Work to complete:
Exactly as written, print out each entry in the data, with no pictures.

Provided records section start

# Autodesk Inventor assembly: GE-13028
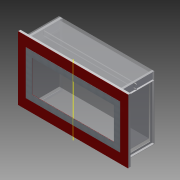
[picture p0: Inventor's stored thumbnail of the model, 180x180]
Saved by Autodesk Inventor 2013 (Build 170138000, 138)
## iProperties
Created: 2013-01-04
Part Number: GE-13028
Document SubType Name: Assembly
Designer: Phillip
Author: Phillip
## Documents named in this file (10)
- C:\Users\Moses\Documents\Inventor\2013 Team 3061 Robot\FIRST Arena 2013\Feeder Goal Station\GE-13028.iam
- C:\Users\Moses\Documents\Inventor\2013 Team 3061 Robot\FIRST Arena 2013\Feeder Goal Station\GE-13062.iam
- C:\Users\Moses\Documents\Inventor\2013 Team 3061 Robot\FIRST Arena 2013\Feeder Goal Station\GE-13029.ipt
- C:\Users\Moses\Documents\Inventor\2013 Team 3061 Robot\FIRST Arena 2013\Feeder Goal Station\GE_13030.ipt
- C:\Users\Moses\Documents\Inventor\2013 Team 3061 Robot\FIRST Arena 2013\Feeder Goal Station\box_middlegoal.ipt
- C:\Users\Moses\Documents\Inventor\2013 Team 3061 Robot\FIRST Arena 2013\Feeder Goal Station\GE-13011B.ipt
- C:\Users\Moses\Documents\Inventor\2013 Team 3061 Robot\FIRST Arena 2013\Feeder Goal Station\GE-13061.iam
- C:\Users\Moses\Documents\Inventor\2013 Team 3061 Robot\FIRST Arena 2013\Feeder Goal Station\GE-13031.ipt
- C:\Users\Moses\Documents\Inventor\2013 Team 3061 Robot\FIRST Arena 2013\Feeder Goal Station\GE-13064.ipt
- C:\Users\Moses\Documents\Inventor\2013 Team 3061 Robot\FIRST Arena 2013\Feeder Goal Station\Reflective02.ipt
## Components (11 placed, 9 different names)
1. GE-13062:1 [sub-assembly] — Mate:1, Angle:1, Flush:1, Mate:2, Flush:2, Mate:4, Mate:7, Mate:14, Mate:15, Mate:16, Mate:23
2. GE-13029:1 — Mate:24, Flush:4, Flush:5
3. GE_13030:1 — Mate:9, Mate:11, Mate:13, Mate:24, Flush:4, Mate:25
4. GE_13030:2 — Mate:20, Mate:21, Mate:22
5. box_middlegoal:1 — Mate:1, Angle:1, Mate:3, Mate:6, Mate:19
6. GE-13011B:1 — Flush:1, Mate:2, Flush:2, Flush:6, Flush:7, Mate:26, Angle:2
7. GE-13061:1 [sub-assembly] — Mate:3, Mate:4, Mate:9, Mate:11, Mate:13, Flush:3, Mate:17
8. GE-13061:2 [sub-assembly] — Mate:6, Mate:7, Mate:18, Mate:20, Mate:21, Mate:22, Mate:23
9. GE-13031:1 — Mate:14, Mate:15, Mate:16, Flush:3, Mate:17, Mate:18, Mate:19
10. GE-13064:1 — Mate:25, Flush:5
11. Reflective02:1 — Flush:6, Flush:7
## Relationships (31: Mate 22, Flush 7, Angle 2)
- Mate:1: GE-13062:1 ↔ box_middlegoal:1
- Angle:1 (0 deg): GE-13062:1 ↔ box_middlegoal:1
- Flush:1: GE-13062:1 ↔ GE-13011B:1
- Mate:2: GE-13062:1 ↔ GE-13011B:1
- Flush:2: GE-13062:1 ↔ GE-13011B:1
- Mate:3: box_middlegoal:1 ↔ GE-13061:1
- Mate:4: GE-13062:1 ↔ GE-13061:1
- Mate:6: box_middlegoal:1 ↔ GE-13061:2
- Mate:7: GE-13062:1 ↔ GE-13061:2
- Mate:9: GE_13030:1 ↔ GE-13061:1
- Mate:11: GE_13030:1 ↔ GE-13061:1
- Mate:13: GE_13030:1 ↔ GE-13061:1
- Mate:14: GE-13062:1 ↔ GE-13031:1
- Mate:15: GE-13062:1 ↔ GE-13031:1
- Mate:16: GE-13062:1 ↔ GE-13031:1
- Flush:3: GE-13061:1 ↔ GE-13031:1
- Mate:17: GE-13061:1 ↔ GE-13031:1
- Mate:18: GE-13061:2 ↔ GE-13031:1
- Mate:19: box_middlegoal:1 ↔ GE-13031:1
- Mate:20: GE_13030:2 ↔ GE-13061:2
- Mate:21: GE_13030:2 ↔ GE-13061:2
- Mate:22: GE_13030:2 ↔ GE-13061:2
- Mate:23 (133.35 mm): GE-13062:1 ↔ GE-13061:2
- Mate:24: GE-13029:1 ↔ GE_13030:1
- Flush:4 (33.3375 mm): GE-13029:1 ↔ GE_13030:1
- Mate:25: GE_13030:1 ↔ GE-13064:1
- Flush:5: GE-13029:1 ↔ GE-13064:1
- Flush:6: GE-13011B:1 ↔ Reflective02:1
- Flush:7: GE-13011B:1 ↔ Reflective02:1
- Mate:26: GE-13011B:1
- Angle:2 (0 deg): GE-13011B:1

Provided records section end

Exercise response:
# Autodesk Inventor assembly: GE-13028
[picture p0: Inventor's stored thumbnail of the model, 180x180]
Saved by Autodesk Inventor 2013 (Build 170138000, 138)
## iProperties
Created: 2013-01-04
Part Number: GE-13028
Document SubType Name: Assembly
Designer: Phillip
Author: Phillip
## Documents named in this file (10)
- C:\Users\Moses\Documents\Inventor\2013 Team 3061 Robot\FIRST Arena 2013\Feeder Goal Station\GE-13028.iam
- C:\Users\Moses\Documents\Inventor\2013 Team 3061 Robot\FIRST Arena 2013\Feeder Goal Station\GE-13062.iam
- C:\Users\Moses\Documents\Inventor\2013 Team 3061 Robot\FIRST Arena 2013\Feeder Goal Station\GE-13029.ipt
- C:\Users\Moses\Documents\Inventor\2013 Team 3061 Robot\FIRST Arena 2013\Feeder Goal Station\GE_13030.ipt
- C:\Users\Moses\Documents\Inventor\2013 Team 3061 Robot\FIRST Arena 2013\Feeder Goal Station\box_middlegoal.ipt
- C:\Users\Moses\Documents\Inventor\2013 Team 3061 Robot\FIRST Arena 2013\Feeder Goal Station\GE-13011B.ipt
- C:\Users\Moses\Documents\Inventor\2013 Team 3061 Robot\FIRST Arena 2013\Feeder Goal Station\GE-13061.iam
- C:\Users\Moses\Documents\Inventor\2013 Team 3061 Robot\FIRST Arena 2013\Feeder Goal Station\GE-13031.ipt
- C:\Users\Moses\Documents\Inventor\2013 Team 3061 Robot\FIRST Arena 2013\Feeder Goal Station\GE-13064.ipt
- C:\Users\Moses\Documents\Inventor\2013 Team 3061 Robot\FIRST Arena 2013\Feeder Goal Station\Reflective02.ipt
## Components (11 placed, 9 different names)
1. GE-13062:1 [sub-assembly] — Mate:1, Angle:1, Flush:1, Mate:2, Flush:2, Mate:4, Mate:7, Mate:14, Mate:15, Mate:16, Mate:23
2. GE-13029:1 — Mate:24, Flush:4, Flush:5
3. GE_13030:1 — Mate:9, Mate:11, Mate:13, Mate:24, Flush:4, Mate:25
4. GE_13030:2 — Mate:20, Mate:21, Mate:22
5. box_middlegoal:1 — Mate:1, Angle:1, Mate:3, Mate:6, Mate:19
6. GE-13011B:1 — Flush:1, Mate:2, Flush:2, Flush:6, Flush:7, Mate:26, Angle:2
7. GE-13061:1 [sub-assembly] — Mate:3, Mate:4, Mate:9, Mate:11, Mate:13, Flush:3, Mate:17
8. GE-13061:2 [sub-assembly] — Mate:6, Mate:7, Mate:18, Mate:20, Mate:21, Mate:22, Mate:23
9. GE-13031:1 — Mate:14, Mate:15, Mate:16, Flush:3, Mate:17, Mate:18, Mate:19
10. GE-13064:1 — Mate:25, Flush:5
11. Reflective02:1 — Flush:6, Flush:7
## Relationships (31: Mate 22, Flush 7, Angle 2)
- Mate:1: GE-13062:1 ↔ box_middlegoal:1
- Angle:1 (0 deg): GE-13062:1 ↔ box_middlegoal:1
- Flush:1: GE-13062:1 ↔ GE-13011B:1
- Mate:2: GE-13062:1 ↔ GE-13011B:1
- Flush:2: GE-13062:1 ↔ GE-13011B:1
- Mate:3: box_middlegoal:1 ↔ GE-13061:1
- Mate:4: GE-13062:1 ↔ GE-13061:1
- Mate:6: box_middlegoal:1 ↔ GE-13061:2
- Mate:7: GE-13062:1 ↔ GE-13061:2
- Mate:9: GE_13030:1 ↔ GE-13061:1
- Mate:11: GE_13030:1 ↔ GE-13061:1
- Mate:13: GE_13030:1 ↔ GE-13061:1
- Mate:14: GE-13062:1 ↔ GE-13031:1
- Mate:15: GE-13062:1 ↔ GE-13031:1
- Mate:16: GE-13062:1 ↔ GE-13031:1
- Flush:3: GE-13061:1 ↔ GE-13031:1
- Mate:17: GE-13061:1 ↔ GE-13031:1
- Mate:18: GE-13061:2 ↔ GE-13031:1
- Mate:19: box_middlegoal:1 ↔ GE-13031:1
- Mate:20: GE_13030:2 ↔ GE-13061:2
- Mate:21: GE_13030:2 ↔ GE-13061:2
- Mate:22: GE_13030:2 ↔ GE-13061:2
- Mate:23 (133.35 mm): GE-13062:1 ↔ GE-13061:2
- Mate:24: GE-13029:1 ↔ GE_13030:1
- Flush:4 (33.3375 mm): GE-13029:1 ↔ GE_13030:1
- Mate:25: GE_13030:1 ↔ GE-13064:1
- Flush:5: GE-13029:1 ↔ GE-13064:1
- Flush:6: GE-13011B:1 ↔ Reflective02:1
- Flush:7: GE-13011B:1 ↔ Reflective02:1
- Mate:26: GE-13011B:1
- Angle:2 (0 deg): GE-13011B:1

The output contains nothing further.